Unlike the high-rise condominium towers that line East Coast Road further west (Amber Park, The Continuum, Seaside Residences), this development is landed-strata in character: a small cluster of low-rise terrace or semi-detached strata houses rather than a conventional apartment block. Unit counts are correspondingly small, and transaction throughput reflects that boutique scale — 14 sales are on record, averaging S$5,220,000 (median S$5,200,000) at an average PSF of S$1,889 over the trailing twelve months. At entry prices in the S$5M band, the target buyer is high-net-worth rather than mass-market.

The defining structural advantage is tenure: freehold in a D15 corridor where the high-profile new launches (Grand Dunman, Emerald of Katong, Tembusu Grand) are all 99-year leasehold. The defining location advantage is transit: Siglap MRT (Thomson-East Coast Line) at just 310 metres — a genuinely doorstep station for what was, before TEL Stage 4 opened, a bus-dependent east-coast address. The defining lifestyle advantage is the school cluster immediately adjacent: East Coast Primary, Chung Cheng High (Main), and GIIS East Coast are each a measured 0.19 km from the development, forming one of the most extraordinary school-doorstep concentrations in Singapore.

The investment case, however, requires clear-eyed reading of the yield data.
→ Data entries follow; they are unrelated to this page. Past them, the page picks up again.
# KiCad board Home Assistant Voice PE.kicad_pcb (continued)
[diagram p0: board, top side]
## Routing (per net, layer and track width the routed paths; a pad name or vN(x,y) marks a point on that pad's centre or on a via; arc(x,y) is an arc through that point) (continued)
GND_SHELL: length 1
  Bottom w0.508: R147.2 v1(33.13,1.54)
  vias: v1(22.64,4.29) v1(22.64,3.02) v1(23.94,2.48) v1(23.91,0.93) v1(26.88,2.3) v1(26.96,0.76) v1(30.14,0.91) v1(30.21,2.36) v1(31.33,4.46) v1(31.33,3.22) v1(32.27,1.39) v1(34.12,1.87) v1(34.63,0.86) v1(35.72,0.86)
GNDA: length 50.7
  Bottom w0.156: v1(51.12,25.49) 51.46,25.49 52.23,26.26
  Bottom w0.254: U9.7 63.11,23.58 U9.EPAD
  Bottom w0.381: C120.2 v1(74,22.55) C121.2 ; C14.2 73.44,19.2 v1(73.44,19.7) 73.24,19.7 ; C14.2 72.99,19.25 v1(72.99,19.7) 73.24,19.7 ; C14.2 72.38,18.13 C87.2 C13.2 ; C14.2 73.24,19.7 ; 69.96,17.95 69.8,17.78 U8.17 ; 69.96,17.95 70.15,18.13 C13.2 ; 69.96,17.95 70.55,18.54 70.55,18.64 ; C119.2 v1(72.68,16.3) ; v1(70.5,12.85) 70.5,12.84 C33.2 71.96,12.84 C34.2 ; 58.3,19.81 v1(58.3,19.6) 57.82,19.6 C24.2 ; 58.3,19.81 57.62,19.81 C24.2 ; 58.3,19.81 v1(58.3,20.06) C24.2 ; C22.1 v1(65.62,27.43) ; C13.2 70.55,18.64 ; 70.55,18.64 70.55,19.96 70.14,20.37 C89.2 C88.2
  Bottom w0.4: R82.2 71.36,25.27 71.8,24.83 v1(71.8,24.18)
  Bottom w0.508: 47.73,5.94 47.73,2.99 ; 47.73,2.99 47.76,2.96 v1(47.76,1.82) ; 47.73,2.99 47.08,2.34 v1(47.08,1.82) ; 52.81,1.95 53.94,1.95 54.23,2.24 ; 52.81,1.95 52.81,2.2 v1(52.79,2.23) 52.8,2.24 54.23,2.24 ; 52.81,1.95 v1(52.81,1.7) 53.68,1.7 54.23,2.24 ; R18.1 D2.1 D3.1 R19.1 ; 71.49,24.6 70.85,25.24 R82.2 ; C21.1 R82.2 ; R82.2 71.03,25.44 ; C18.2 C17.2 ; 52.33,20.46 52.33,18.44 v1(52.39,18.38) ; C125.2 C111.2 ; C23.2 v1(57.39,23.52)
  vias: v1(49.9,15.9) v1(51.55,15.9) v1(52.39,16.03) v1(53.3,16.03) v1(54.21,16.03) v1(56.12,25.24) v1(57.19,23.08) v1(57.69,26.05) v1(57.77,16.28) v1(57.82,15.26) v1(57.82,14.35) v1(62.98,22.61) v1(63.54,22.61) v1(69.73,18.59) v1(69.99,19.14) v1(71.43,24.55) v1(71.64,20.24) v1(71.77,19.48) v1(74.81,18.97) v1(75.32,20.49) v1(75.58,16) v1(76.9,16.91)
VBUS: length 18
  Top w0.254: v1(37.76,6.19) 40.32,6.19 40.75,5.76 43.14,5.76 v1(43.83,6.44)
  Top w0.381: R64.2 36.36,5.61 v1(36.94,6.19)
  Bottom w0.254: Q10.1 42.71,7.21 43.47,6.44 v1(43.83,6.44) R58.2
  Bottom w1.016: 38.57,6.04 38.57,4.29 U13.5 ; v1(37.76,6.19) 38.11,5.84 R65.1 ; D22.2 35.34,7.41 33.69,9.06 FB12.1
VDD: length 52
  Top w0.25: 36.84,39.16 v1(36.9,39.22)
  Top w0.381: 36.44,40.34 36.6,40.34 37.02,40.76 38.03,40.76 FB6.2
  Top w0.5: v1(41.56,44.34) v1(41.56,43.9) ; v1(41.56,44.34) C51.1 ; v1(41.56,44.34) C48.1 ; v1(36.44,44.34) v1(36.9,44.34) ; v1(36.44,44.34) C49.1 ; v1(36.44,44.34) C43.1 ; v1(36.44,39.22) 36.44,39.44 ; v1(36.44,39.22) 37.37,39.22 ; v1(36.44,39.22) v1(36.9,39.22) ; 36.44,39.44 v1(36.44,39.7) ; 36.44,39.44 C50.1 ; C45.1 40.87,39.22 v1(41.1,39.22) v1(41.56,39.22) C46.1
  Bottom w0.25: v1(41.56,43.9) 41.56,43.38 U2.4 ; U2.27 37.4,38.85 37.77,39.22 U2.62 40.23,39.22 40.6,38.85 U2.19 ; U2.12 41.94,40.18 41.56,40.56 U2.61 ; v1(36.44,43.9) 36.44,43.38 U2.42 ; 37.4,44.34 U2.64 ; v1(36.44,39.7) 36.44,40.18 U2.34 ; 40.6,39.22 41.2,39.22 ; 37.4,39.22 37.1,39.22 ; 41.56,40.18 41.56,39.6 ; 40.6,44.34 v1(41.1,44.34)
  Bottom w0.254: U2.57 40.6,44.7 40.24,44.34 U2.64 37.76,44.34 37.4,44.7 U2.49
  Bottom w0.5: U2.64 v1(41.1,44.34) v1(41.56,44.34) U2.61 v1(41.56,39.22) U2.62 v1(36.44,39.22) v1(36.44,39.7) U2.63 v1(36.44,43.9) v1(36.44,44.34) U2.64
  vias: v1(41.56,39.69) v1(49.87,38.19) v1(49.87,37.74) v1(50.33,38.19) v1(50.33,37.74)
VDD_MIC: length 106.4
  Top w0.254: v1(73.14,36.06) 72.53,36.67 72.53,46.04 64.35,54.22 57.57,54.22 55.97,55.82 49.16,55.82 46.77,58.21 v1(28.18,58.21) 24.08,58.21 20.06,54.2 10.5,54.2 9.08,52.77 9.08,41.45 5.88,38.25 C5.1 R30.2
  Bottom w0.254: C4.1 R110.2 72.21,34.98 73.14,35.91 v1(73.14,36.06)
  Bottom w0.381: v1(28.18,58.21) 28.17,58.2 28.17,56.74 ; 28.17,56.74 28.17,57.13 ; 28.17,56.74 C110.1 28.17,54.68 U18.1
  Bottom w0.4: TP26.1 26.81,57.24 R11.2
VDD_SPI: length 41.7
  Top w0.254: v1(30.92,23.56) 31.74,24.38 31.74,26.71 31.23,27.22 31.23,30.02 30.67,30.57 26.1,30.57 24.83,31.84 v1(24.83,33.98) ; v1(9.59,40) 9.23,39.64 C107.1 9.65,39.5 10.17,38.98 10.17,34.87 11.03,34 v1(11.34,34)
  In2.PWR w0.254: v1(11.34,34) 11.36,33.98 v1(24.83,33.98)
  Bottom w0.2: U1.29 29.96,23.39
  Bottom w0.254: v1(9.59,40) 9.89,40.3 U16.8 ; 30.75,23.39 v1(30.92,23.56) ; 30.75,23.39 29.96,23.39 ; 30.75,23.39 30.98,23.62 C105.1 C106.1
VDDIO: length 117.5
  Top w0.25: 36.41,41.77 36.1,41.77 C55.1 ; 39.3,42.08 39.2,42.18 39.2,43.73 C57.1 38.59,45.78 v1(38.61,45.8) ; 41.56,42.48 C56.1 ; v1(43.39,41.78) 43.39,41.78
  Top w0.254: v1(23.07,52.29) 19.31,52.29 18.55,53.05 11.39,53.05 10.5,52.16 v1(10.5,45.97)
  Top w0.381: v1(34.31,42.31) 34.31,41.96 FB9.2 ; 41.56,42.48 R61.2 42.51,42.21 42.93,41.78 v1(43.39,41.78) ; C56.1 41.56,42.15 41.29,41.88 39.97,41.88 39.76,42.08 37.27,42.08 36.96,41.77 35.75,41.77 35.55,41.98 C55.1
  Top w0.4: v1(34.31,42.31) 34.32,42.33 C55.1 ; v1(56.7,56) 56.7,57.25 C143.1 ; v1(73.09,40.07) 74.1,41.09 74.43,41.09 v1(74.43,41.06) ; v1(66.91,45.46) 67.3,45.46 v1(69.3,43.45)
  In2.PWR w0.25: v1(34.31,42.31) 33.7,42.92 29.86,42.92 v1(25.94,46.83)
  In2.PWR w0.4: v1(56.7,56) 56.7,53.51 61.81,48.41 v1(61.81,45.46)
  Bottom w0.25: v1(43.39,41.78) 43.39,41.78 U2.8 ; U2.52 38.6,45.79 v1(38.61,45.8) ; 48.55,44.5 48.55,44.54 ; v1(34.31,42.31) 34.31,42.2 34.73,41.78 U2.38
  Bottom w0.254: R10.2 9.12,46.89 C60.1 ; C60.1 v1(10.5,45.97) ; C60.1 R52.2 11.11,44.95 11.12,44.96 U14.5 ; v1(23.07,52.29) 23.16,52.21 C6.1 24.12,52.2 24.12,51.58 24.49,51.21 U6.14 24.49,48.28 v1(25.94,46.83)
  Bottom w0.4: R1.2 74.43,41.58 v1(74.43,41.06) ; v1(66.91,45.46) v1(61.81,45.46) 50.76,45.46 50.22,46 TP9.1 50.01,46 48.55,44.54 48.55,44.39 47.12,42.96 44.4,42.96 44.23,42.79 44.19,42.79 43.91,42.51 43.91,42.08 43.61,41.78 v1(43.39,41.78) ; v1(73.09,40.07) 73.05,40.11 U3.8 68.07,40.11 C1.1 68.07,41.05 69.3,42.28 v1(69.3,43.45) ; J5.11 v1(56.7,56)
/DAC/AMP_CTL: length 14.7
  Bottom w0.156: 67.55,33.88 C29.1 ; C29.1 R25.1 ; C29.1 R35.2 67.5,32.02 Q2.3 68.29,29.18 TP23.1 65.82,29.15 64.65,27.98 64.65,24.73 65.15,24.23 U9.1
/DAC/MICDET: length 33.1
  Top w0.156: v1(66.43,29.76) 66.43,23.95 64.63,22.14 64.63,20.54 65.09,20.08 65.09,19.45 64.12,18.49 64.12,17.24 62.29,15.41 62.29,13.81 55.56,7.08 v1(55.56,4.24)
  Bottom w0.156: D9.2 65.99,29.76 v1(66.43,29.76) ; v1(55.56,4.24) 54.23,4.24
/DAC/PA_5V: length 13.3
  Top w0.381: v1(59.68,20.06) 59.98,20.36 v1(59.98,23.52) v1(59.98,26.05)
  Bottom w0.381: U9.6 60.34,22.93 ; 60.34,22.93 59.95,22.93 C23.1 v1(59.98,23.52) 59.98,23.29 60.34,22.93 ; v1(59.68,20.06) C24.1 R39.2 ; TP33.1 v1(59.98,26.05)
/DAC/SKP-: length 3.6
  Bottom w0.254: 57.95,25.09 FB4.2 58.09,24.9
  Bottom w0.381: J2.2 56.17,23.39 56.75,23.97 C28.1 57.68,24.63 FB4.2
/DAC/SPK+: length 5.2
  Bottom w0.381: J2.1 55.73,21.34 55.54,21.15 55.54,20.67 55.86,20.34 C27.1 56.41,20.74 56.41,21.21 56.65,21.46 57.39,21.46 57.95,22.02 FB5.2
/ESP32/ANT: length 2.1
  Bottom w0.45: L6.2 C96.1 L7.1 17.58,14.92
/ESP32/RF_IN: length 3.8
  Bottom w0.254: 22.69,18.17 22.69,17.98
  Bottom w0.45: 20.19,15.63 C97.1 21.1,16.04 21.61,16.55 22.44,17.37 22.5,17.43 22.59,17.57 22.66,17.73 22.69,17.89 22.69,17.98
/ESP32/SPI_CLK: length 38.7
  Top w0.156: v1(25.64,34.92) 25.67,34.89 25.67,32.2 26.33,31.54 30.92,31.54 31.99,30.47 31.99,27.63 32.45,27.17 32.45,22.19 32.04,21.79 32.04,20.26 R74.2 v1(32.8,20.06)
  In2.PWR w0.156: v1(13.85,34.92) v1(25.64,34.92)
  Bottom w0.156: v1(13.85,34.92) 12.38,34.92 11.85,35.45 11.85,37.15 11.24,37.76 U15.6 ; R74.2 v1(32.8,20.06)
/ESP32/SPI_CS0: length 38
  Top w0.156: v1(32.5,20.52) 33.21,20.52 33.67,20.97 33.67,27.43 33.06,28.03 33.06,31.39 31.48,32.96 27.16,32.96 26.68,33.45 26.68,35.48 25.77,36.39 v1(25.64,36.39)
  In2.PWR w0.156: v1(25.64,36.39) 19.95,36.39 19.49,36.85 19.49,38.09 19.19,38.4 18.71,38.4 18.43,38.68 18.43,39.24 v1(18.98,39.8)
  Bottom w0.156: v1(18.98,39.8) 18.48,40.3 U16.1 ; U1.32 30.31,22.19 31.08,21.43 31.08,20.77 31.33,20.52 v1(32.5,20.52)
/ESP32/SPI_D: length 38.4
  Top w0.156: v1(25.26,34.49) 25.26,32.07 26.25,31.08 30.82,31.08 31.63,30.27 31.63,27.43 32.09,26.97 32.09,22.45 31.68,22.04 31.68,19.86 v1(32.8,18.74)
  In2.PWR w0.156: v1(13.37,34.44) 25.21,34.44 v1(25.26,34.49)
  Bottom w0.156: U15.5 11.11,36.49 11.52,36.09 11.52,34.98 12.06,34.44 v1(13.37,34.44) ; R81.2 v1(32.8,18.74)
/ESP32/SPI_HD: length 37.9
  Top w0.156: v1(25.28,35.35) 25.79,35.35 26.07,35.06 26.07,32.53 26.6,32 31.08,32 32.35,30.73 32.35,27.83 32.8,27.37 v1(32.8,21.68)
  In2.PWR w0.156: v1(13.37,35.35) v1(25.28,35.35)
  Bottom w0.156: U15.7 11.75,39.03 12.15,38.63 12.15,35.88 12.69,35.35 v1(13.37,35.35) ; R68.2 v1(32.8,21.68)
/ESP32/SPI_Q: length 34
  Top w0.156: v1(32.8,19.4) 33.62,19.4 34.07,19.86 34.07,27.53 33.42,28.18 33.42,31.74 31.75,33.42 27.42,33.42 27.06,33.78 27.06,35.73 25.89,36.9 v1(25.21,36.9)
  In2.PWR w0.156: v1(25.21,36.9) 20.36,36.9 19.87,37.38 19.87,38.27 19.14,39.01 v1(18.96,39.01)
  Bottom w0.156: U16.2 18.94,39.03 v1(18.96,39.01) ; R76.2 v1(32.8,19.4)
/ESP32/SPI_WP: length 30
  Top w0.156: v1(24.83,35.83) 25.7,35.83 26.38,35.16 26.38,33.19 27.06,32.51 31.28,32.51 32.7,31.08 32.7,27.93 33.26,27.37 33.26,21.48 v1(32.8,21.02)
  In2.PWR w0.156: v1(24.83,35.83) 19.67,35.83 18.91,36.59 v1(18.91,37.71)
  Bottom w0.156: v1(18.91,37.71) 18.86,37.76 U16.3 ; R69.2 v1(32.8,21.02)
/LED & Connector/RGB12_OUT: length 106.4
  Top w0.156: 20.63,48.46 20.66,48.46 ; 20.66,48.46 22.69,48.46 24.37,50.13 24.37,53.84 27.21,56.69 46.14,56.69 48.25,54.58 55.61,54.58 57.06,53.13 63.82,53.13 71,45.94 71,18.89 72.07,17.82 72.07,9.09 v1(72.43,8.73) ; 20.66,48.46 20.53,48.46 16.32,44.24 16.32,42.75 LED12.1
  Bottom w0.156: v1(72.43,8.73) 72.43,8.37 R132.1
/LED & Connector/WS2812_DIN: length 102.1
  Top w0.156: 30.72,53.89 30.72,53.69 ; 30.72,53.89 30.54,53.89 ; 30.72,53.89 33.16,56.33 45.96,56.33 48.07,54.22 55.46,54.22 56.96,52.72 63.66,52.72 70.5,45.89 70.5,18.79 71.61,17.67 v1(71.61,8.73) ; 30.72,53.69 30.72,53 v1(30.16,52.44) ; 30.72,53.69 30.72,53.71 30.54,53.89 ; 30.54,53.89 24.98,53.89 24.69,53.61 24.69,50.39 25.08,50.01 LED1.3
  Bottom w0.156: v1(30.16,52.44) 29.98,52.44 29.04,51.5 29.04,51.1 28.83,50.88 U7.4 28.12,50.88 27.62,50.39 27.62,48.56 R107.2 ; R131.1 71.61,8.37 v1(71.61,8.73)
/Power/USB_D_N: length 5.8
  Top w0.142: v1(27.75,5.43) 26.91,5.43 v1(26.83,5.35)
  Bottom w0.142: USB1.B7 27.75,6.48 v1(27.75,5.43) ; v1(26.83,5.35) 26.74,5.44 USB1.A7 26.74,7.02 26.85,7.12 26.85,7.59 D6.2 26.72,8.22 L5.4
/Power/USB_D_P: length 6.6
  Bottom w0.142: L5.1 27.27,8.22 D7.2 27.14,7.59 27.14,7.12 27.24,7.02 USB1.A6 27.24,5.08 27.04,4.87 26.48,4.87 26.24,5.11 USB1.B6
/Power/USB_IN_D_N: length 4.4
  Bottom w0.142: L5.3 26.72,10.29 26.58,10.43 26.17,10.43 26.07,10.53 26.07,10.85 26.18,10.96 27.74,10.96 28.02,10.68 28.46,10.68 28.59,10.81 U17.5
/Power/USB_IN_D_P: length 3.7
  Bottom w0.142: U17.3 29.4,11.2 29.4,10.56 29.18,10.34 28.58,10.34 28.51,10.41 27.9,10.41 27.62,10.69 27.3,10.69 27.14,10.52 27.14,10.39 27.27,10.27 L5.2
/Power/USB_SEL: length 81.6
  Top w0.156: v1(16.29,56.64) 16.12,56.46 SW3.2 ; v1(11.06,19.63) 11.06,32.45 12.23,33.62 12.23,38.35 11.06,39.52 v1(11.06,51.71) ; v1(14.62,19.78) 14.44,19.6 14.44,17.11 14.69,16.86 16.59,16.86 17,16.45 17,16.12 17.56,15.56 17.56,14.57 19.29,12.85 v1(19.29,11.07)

Three rental transactions averaging S$5,533 (median S$5,600) produce a gross yield of 1.29% — among the lowest in the ShiokNest database and consistent with what landed-strata properties at the S$5M entry price typically generate. This is a capital-appreciation play, not an income play, and the thin transaction dataset (14 sales, 3 rentals) means buyers must conduct independent valuation work rather than relying on statistical depth.

Developer
Tenure
Freehold
Total units
TOP year
2021
District
15 — OCR
Street
FIRST STREET

Location & Connectivity

First Street is a short residential lane running off Upper East Coast Road in the Siglap sub-enclave of District 15 — the quieter, lower-density eastern fringe of Marine Parade, characterised by landed housing, low-rise walk-up apartments, and the remnants of the pre-reclamation East Coast streetscape. The address sits roughly midway between the beachfront East Coast Park (reachable on foot or by bicycle via the park connectors south of Upper East Coast Road) and the Siglap retail belt along New Upper Changi Road / East Coast Road.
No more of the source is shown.